Items from a data source:
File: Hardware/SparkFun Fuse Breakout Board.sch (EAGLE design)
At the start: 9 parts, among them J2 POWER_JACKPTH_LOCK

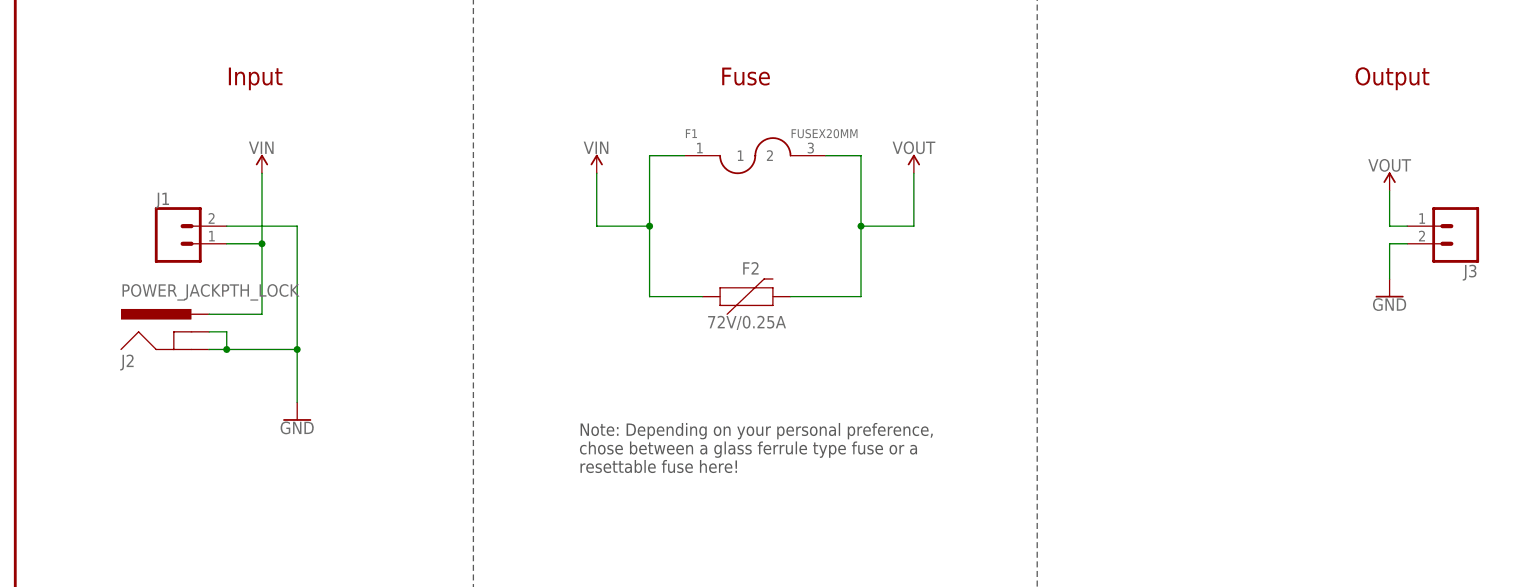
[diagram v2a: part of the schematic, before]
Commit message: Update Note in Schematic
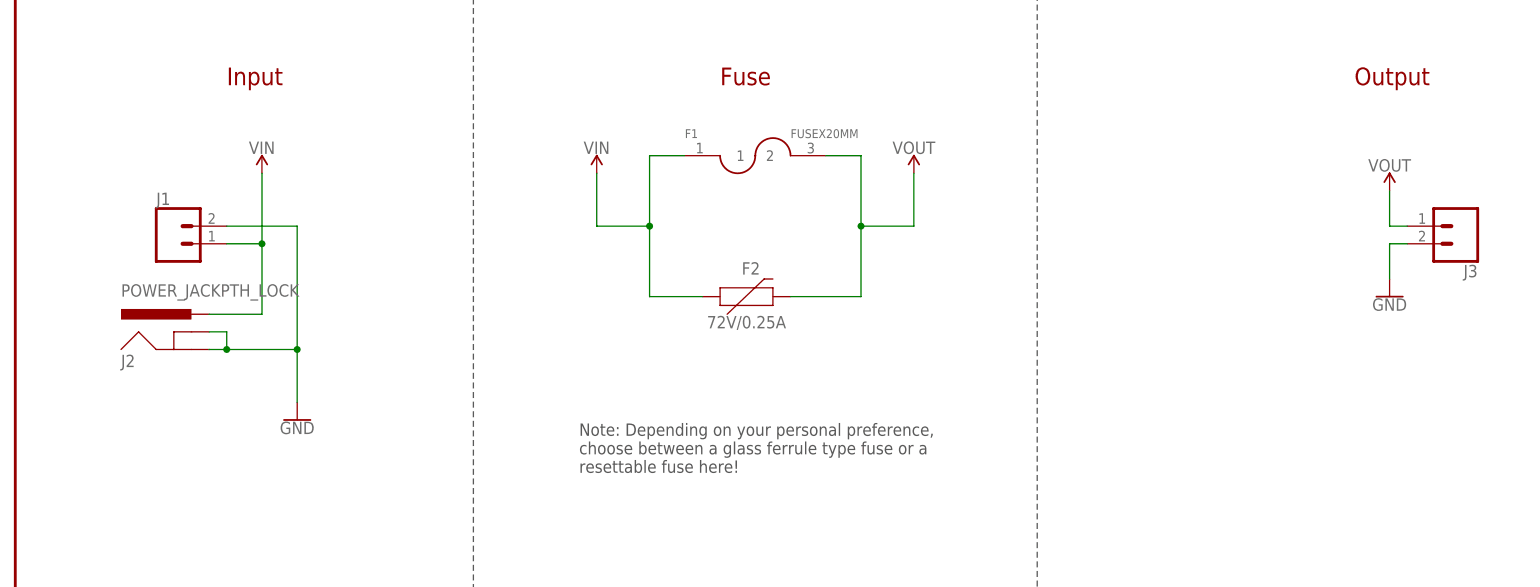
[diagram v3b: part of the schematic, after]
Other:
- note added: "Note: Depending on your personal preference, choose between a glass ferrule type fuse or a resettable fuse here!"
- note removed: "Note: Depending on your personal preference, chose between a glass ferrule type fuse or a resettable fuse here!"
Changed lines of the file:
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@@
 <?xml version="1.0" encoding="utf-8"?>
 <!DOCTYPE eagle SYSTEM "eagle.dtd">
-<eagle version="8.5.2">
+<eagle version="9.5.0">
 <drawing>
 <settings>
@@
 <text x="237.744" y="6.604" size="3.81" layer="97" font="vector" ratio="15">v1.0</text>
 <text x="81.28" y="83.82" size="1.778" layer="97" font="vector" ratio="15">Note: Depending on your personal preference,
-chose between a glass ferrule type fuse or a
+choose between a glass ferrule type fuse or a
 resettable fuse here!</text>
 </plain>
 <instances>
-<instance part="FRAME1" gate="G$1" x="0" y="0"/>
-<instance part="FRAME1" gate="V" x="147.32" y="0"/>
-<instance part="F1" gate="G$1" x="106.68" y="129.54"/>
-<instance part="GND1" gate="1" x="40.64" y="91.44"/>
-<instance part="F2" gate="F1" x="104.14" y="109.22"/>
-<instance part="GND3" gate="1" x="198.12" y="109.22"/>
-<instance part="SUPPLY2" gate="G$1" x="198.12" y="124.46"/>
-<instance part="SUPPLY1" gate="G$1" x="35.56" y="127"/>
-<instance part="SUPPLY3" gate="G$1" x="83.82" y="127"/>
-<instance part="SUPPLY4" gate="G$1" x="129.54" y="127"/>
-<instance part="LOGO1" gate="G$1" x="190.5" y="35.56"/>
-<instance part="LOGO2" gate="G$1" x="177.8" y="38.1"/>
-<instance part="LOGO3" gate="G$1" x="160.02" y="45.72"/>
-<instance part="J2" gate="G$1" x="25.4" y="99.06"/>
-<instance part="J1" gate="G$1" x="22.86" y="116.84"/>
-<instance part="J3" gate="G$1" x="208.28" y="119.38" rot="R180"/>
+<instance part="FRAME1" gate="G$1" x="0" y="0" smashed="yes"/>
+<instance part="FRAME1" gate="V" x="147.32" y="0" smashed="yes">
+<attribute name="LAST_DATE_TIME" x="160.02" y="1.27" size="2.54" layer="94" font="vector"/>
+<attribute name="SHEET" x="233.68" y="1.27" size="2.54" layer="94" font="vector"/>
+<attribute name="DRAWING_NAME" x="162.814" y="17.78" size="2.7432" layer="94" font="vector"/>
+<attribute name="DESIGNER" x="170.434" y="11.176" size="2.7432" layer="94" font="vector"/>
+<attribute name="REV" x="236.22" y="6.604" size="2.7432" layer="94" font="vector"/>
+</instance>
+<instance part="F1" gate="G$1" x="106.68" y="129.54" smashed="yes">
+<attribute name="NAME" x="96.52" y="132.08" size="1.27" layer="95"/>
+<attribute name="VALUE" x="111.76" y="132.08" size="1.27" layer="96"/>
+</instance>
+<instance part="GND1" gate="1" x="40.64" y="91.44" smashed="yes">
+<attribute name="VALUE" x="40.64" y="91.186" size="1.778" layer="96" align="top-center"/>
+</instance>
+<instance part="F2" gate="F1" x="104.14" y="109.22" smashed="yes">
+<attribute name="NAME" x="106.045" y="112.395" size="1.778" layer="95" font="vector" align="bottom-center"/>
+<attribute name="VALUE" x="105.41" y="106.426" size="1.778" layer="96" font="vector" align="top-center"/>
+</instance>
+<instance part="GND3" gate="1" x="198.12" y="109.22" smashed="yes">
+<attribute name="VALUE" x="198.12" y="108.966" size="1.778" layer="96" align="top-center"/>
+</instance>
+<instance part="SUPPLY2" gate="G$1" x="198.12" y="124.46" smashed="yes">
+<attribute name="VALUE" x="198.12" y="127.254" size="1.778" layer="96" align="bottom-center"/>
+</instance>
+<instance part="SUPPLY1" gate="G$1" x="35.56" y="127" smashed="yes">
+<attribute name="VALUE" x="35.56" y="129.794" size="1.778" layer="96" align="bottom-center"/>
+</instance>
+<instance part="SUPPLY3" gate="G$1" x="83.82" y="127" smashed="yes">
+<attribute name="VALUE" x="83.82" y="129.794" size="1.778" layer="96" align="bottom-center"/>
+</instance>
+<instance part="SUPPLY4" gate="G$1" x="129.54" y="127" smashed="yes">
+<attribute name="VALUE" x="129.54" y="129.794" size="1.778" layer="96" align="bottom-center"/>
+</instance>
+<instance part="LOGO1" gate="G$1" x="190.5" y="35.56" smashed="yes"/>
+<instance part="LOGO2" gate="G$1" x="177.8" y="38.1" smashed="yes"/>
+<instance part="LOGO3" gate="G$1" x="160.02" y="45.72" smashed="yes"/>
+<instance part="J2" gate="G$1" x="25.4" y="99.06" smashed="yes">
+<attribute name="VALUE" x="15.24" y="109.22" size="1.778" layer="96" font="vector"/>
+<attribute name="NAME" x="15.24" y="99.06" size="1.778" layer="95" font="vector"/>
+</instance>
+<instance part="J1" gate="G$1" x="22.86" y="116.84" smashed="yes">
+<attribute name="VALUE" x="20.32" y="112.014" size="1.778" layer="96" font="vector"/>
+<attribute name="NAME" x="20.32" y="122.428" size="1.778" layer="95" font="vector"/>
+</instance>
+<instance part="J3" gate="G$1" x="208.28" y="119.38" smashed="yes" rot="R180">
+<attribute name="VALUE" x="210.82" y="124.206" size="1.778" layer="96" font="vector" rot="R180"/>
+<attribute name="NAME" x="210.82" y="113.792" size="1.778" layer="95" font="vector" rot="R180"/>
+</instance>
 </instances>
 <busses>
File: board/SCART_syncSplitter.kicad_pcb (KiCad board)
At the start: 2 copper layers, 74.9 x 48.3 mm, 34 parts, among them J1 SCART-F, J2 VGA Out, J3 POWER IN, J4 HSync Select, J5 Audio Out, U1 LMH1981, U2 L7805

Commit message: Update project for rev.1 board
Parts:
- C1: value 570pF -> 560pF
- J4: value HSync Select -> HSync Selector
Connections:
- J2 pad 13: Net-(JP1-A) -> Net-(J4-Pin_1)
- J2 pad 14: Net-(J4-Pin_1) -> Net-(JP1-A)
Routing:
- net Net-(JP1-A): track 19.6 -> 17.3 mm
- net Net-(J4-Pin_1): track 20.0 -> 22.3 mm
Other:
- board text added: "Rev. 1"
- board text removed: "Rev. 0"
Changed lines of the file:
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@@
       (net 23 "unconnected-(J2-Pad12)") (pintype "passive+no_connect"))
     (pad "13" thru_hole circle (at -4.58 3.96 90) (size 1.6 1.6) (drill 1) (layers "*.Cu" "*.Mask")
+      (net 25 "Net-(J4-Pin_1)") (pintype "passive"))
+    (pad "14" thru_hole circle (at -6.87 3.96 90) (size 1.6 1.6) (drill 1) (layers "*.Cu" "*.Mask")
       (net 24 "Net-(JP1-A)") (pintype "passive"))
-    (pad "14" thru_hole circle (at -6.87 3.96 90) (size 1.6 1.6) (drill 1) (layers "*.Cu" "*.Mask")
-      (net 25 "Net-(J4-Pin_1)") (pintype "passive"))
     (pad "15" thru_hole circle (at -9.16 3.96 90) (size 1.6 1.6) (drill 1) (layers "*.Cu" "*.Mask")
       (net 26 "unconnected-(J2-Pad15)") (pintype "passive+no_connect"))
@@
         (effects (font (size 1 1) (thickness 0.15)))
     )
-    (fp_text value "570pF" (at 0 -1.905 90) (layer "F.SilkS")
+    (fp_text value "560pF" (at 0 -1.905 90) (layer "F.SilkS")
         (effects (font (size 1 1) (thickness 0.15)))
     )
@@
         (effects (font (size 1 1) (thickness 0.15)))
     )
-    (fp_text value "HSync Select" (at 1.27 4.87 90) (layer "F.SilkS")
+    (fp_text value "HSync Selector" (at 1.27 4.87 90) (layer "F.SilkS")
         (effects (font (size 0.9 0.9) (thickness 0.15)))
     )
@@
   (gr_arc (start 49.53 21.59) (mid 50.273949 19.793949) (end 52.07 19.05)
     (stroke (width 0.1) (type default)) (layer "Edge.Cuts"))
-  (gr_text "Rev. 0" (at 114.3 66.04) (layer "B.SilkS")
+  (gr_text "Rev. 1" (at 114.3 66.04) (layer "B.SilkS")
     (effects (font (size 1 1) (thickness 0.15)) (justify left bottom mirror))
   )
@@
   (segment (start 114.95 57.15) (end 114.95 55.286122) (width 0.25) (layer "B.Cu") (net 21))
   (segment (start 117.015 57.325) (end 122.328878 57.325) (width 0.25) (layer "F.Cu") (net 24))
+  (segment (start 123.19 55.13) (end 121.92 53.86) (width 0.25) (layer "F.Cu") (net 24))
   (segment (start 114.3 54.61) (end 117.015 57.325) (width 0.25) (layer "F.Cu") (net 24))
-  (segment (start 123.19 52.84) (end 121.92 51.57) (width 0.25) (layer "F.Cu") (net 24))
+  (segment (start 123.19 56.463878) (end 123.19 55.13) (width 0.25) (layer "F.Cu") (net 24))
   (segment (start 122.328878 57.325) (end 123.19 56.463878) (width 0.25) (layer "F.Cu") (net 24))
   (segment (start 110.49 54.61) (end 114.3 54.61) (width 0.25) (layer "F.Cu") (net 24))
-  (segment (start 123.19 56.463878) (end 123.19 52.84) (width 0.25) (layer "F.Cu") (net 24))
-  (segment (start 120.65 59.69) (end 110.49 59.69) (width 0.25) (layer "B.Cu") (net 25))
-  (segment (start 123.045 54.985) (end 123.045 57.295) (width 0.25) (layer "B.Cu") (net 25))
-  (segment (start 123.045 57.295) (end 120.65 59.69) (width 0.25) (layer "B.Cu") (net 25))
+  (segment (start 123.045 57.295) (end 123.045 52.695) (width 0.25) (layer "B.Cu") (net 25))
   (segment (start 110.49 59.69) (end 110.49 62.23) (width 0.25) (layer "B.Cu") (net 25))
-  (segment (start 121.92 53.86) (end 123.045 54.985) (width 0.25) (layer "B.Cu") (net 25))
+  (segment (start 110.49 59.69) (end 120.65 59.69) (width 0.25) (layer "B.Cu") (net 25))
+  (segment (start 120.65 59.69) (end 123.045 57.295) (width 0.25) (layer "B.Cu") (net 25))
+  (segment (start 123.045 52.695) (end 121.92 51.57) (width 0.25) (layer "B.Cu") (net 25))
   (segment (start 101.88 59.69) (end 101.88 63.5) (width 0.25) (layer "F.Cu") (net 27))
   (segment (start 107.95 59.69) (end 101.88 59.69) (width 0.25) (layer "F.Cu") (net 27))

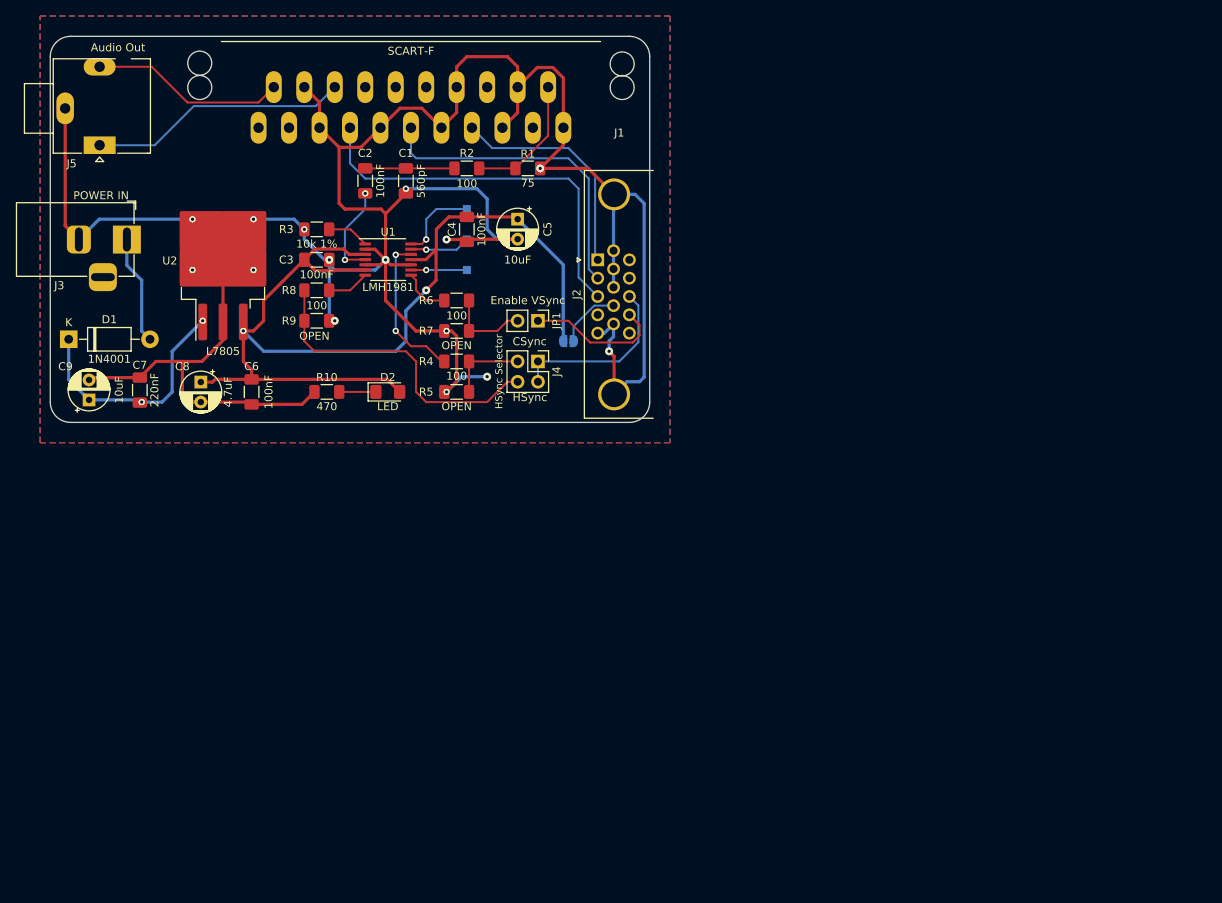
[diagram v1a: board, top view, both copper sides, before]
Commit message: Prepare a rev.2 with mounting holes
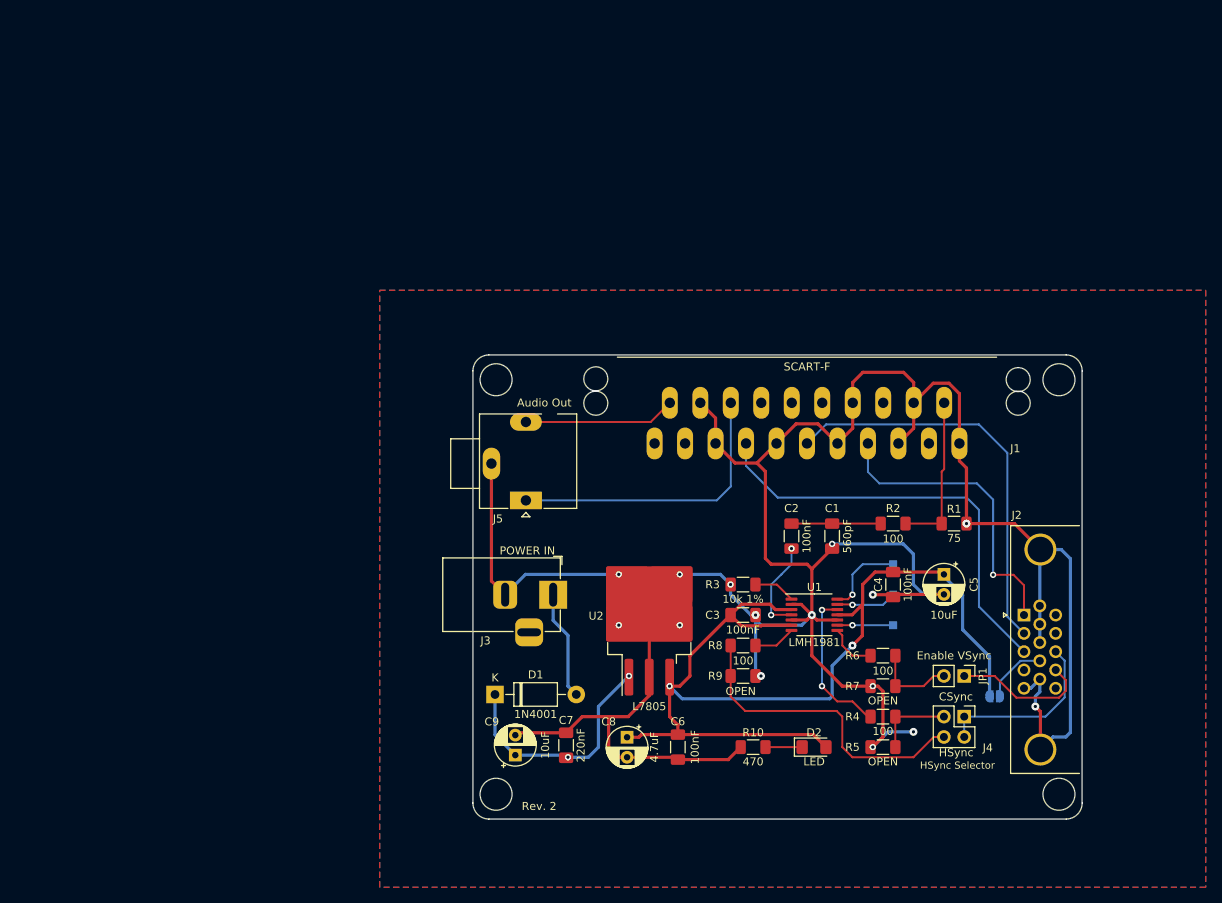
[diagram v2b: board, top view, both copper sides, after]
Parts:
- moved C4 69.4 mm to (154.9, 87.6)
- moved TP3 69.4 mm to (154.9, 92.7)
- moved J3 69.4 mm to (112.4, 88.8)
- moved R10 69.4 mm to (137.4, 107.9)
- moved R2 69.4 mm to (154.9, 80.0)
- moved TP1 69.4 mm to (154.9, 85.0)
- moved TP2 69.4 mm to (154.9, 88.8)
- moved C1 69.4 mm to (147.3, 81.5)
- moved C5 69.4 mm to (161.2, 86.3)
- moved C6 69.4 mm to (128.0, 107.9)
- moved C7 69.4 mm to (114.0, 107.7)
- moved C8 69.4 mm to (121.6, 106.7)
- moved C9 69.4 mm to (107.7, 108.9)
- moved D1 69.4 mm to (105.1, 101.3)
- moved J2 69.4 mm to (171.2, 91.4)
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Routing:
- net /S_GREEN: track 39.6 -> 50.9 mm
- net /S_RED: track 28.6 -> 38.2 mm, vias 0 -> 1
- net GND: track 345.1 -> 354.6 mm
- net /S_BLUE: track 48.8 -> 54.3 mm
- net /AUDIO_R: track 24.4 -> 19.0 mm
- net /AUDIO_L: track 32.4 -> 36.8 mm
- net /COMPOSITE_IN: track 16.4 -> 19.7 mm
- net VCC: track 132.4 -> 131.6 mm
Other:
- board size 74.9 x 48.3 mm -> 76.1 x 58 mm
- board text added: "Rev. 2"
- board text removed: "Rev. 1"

What to do>
Please return the lines above that run from the line containing "- moved C9 69.4 mm to (107.7, 108.9)" to the line containing "- board size 74.9 x 48.3 mm -> 76.1 x 58 mm", inclusive, exactly and with no other lines.

Exercise solution>
- moved C9 69.4 mm to (107.7, 108.9)
- moved D1 69.4 mm to (105.1, 101.3)
- moved J2 69.4 mm to (171.2, 91.4)
Routing:
- net /S_GREEN: track 39.6 -> 50.9 mm
- net /S_RED: track 28.6 -> 38.2 mm, vias 0 -> 1
- net GND: track 345.1 -> 354.6 mm
- net /S_BLUE: track 48.8 -> 54.3 mm
- net /AUDIO_R: track 24.4 -> 19.0 mm
- net /AUDIO_L: track 32.4 -> 36.8 mm
- net /COMPOSITE_IN: track 16.4 -> 19.7 mm
- net VCC: track 132.4 -> 131.6 mm
Other:
- board size 74.9 x 48.3 mm -> 76.1 x 58 mm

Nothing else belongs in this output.